The European Union is the major economic power most consistently supportive of the global trade system. Hasty actions undermining this such as vaccine export bans would come at a high price to its standing.
There has been a better start to trade policy in 2021 than many had expected.
Ngozi Okonjo-Iweala took office as new World Trade Organization director-general after the US lifted their veto. The suspension of transatlantic tariffs resulting from the Boeing / Airbus dispute for four months was a great relief to significantly affected exporters not least Scotch Whisky producers in Britain. Katherine Tai was confirmed as US Trade Representative with overwhelming support from US senators.
It may not be a major breakthrough but this ‘Biden spring’ at least fulfils the promise of a return to mature international relations. With the UK choosing to join the Ottawa group of WTO supporters that includes the EU among other usual suspects there are grounds to be hopeful that post-2016 difficulties have peaked for the time being.
Yet amid such cautious optimism comes concern that the EU is moving in the other direction. The missteps of vaccine supply coupled with the ambiguities of ‘open strategic autonomy’ have led in particular to recurrent talk of dramatic actions including export bans and seizure of intellectual property.
Such actions if implemented would seem to go beyond accepted norms for WTO members. Given that of all the major trade powers the EU has been most consistently supportive of the core principles of the current rules based system, going down that path is a major risk.
The Big Three are not equally supportive of the WTO
There are many influencers at the WTO, from the particularly supportive like New Zealand or Chile, to the often obstructive, India and South Africa. But there are only three major powers, the US, China, and the EU. Any meaningful future for the WTO requires their support and cooperation.
Unfortunately the major powers of the WTO have been unable to agree on much in the last twenty years. We know all about the bilateral problems, the number of disputes between the US and EU, and the significant concerns in the US about the rise of China. But fundamentally the depth of US and China commitment to the WTO must be questioned.
The US has been a reluctant multilateralist for over a hundred years, from the original League of Nations to the International Criminal Court. Their sharing of sovereignty and following of rules determined by others has always been problematic, a major factor in the long running concerns over the WTO appellate body. The Trump administration’s threats to core MFN disciplines was thus not a wholly new US direction.
China has an even longer history of suspecting global interaction, and membership of the WTO has always felt like a transactional arrangement at least in part. Membership of the WTO was important for China’s economic development, but despite occasional hopes there have been few signs of it aspiring to a leadership role.
This leaves the EU as the only major power that fully believes in the WTO and the global rules, albeit suitably updated. That is a serious responsibility.
Supporting the rules does not mean being naïve
In recent years there has been a growing narrative in the EU of too much openness and naivety. Supporters of the International Procurement Instrument for example spoke of an EU not able to get the best for companies because the existing openness of EU procurement markets left little to use for reciprocal commitments.
Since 2019 the EU’s approach of open strategic autonomy has shifted the dial towards greater assertiveness. This has involved remaining open while also emphasising enforcement, reshoring, while still being careful to respect global rules on subsidies, and more conditionality on trade deals.
It is too early to tell how whether this change will succeed, though many have concerns about damaging economic growth through closing markets or imposing so much conditionality that trade deals don’t happen. However the problems around vaccine procurement and deployment seem to be influencing the Commission to go further, and discuss actively blocking exports. Such an action would clearly undermine trust in global trade rules.
The EU has arguably been the premier rule setter in global trade, as explained through the Brussels Effect, strength in international standardization, and 40 bilateral trade deals. That has surely delivered economic benefit, even if specifically evaluating its value is difficult.

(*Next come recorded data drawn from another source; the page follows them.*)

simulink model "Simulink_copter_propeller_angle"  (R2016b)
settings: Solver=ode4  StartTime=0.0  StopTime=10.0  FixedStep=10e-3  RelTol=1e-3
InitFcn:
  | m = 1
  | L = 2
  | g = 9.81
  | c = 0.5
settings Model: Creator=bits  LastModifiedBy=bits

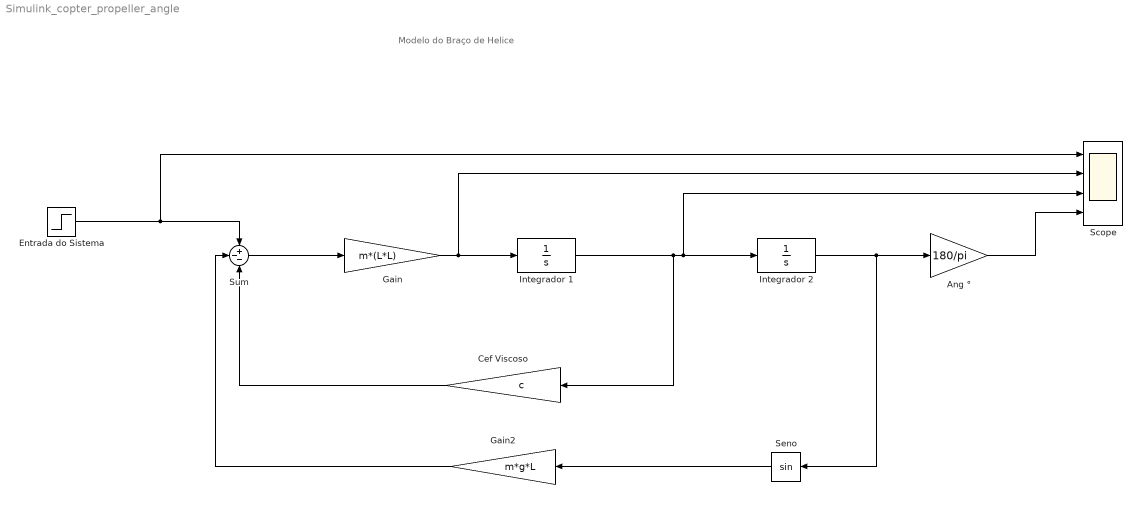
== system Simulink_copter_propeller_angle ==
  note: Modelo do Braço de Helice
  Ang ° : Gain  Gain=180/pi
  Cef Viscoso : Gain  Gain=c
  Entrada do Sistema : Step  After=15  SampleTime=0
  Gain : Gain  Gain=m*(L*L)
  Gain2 : Gain  Gain=m*g*L
  Integrador 1 : TransferFcn  Denominator=[1 0]
  Integrador 2 : TransferFcn  Denominator=[1 0]
  Scope : Scope  NumInputPorts=4
  Seno : Trigonometry
  Sum : Sum  Inputs=+--
  wires:
  Entrada do Sistema/1 -> Sum/1, Scope/1
  Integrador 2/1 -> Ang °/1, Seno/1
  Integrador 1/1 -> Scope/3, Integrador 2/1, Cef Viscoso/1
  Gain/1 -> Scope/2, Integrador 1/1
  Sum/1 -> Gain/1
  Cef Viscoso/1 -> Sum/3
  Gain2/1 -> Sum/2
  Seno/1 -> Gain2/1
  Ang °/1 -> Scope/4
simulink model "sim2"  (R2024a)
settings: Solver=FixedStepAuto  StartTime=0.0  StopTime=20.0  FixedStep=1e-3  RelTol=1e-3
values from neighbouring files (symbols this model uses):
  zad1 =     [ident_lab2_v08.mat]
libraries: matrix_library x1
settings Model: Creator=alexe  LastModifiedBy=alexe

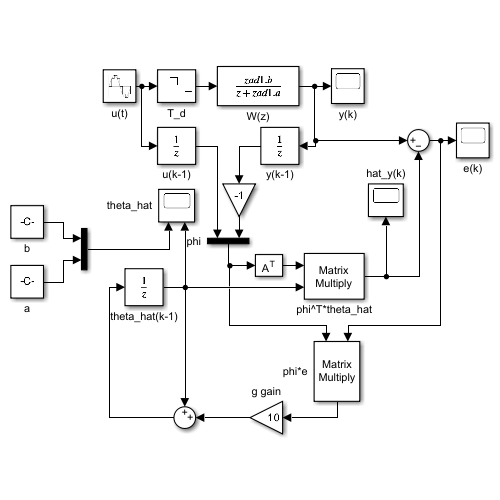
[thumbnail: Simulink's stored preview of the top-level diagram]
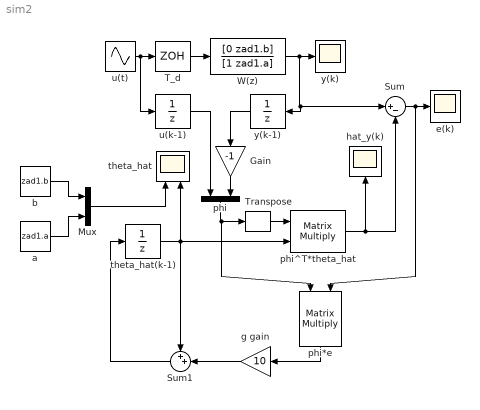
== system sim2 ==
  Gain : Gain  Gain=-1
  Mux : Mux  Inputs=2
  Sum : Sum  Inputs=|+-
  Sum1 : Sum  Inputs=++|
  T_d : ZeroOrderHold  SampleTime=0.1
  Transpose : matrix_library/Transpose
  W(z) : DiscreteTransferFcn  Numerator=[0 zad1.b]  Denominator=[1 zad1.a]
  a : Constant  Value=zad1.a
  b : Constant  Value=zad1.b
  e(k) : Scope
  g gain : Gain  Gain=10
  hat_y(k) : Scope
  phi : Mux  Inputs=2
  phi*e : Product  Multiplication=Matrix(*)
  phi^T*theta_hat : Product  Multiplication=Matrix(*)
  theta_hat : Scope  NumInputPorts=2
  theta_hat(k-1) : UnitDelay  InitialCondition=[0;0];  SampleTime=0.1  HasFrameUpgradeWarning=on
  u(k-1) : UnitDelay  SampleTime=0.1  HasFrameUpgradeWarning=on
  u(t) : Sin  Frequency=zad1.w
  y(k) : Scope
  y(k-1) : UnitDelay  SampleTime=0.1  HasFrameUpgradeWarning=on
  wires:
  u(t)/1 -> u(k-1)/1, T_d/1
  T_d/1 -> W(z)/1
  W(z)/1 -> Sum/1, y(k-1)/1, y(k)/1
  u(k-1)/1 -> phi/1
  Gain/1 -> phi/2
  y(k-1)/1 -> Gain/1
  phi/1 -> Transpose/1, phi*e/1
  Transpose/1 -> phi^T*theta_hat/1
  theta_hat(k-1)/1 -> phi^T*theta_hat/2, Sum1/1, theta_hat/2
  phi^T*theta_hat/1 -> Sum/2, hat_y(k)/1
  Sum/1 -> phi*e/2, e(k)/1
  phi*e/1 -> g gain/1
  g gain/1 -> Sum1/2
  Sum1/1 -> theta_hat(k-1)/1
  b/1 -> Mux/1
  a/1 -> Mux/2
  Mux/1 -> theta_hat/1
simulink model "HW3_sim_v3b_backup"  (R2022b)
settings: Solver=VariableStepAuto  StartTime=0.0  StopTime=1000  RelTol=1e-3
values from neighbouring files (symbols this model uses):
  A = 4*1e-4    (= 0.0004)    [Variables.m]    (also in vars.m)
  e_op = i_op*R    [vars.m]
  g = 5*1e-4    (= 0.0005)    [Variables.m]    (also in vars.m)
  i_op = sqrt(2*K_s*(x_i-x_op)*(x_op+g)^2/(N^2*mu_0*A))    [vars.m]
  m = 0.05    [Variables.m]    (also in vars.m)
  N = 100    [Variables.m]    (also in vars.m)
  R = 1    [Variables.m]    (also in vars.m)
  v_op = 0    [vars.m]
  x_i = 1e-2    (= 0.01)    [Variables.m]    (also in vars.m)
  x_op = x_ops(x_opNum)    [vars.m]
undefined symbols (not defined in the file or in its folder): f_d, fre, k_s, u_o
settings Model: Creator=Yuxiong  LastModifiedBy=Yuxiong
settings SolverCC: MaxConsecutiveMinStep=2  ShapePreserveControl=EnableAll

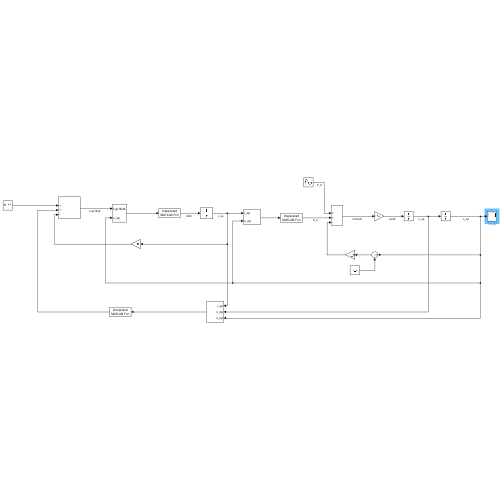
[thumbnail: Simulink's stored preview of the top-level diagram]
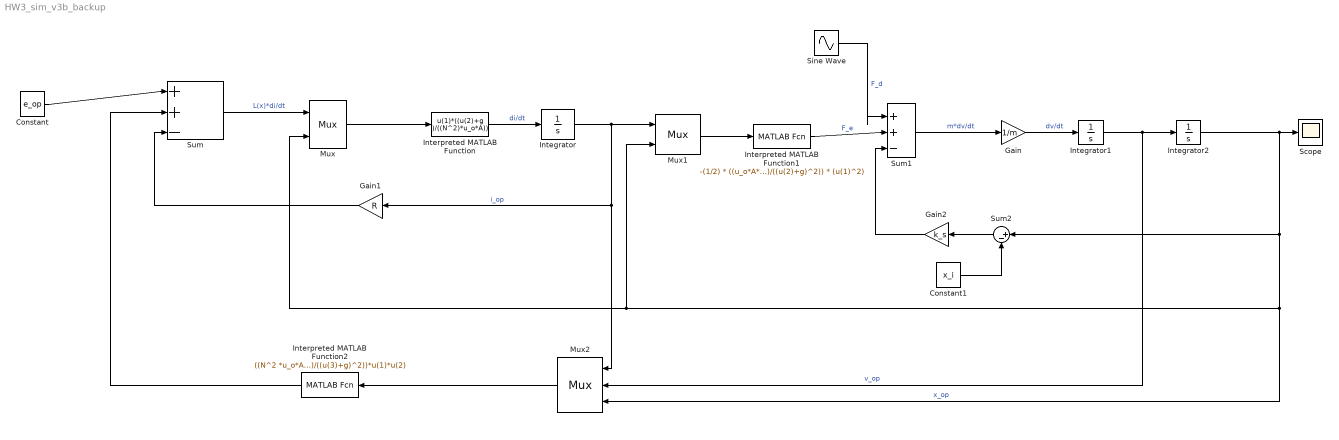
== system HW3_sim_v3b_backup ==
  Constant : Constant  Value=e_op
  Constant1 : Constant  Value=x_i
  Gain : Gain  Gain=1/m
  Gain1 : Gain  Gain=R
  Gain2 : Gain  Gain=k_s
  Integrator : Integrator  InitialCondition=i_op
  Integrator1 : Integrator  InitialCondition=v_op
  Integrator2 : Integrator  InitialCondition=x_op
  Interpreted MATLAB Function : MATLABFcn  MATLABFcn=u(1)*((u(2)+g )/((N^2)*u_o*A))
  Interpreted MATLAB Function1 : MATLABFcn  MATLABFcn=-(1/2) * ((u_o*A*N^2)/((u(2)+g)^2)) * (u(1)^2)
  Interpreted MATLAB Function2 : MATLABFcn  MATLABFcn=((N^2 *u_o*A)/((u(3)+g)^2))*u(1)*u(2)
  Mux : Mux  Inputs=2
      settings: DisplayOption=signals
  Mux1 : Mux  Inputs=2
      settings: DisplayOption=signals
  Mux2 : Mux  Inputs=3
      settings: DisplayOption=signals
  Scope : Scope
  Sine Wave : Sin  Amplitude=f_d  Frequency=2*pi*fre  SampleTime=0
  Sum : Sum  Inputs=|++-
  Sum1 : Sum  Inputs=|++-
  Sum2 : Sum  Inputs=|+-
  wires:
  Constant/1 -> Sum/1
  Sum/1 -> Mux/1  "L(x)*di/dt"
  Mux/1 -> Interpreted MATLAB Function/1
  Interpreted MATLAB Function/1 -> Integrator/1  "di/dt"
  Integrator/1 -> Gain1/1, Mux2/1, Mux1/1  "i_op"
  Mux1/1 -> Interpreted MATLAB Function1/1
  Interpreted MATLAB Function1/1 -> Sum1/2  "F_e"
  Sum1/1 -> Gain/1  "m*dv/dt"
  Gain/1 -> Integrator1/1  "dv/dt"
  Integrator1/1 -> Mux2/2, Integrator2/1  "v_op"
  Mux2/1 -> Interpreted MATLAB Function2/1
  Integrator2/1 -> Sum2/1, Mux2/3, Mux/2, Mux1/2, Scope/1  "x_op"
  Sine Wave/1 -> Sum1/1  "F_d"
  Interpreted MATLAB Function2/1 -> Sum/2
  Gain1/1 -> Sum/3
  Constant1/1 -> Sum2/2
  Sum2/1 -> Gain2/1
  Gain2/1 -> Sum1/3

To risk economic benefit and the future of the global trade system by imposing export bans would clearly be a dramatic step for the EU. To do so apparently because another country secured greater supplies of a single vaccine simply looks totally reckless and out of proportion.
Risks to the global trading system remain significant
Meanwhile a more engaging US administration does not yet change the fragility of the global trade system. As yet this is just a truce between the US and EU, with the same difficult issues such as food, data, subsidies, and WTO reform remaining. The joint application of sanctions towards China is in part encouraging, but at the likely cost of an increasingly uncompromising China on issues where their support would be required. The Republicans’ change from free trade to protectionist party looks likely to last at least until the next election. Relations between EU and UK remain tense.
The current global system may not be perfect for the EU, but it is not evident that there is a better one on offer. The existing EU trade agenda is in any case changing, while still respecting the importance of the rules to the EU.
An export ban, even just on a matter of pressing interest like vaccines, would be a big statement of a bloc no longer considering itself bound by global rules. To do so when the vaccines are in any case on the way, when there is likely to be little benefit, looks like panic. The EU would do well to think of its broader interests before reaching such a decision.
David Henig runs the column ‘Perspectives’ on the politics of global trade for Borderlex. He is also a UK director at the think tank ECIPE.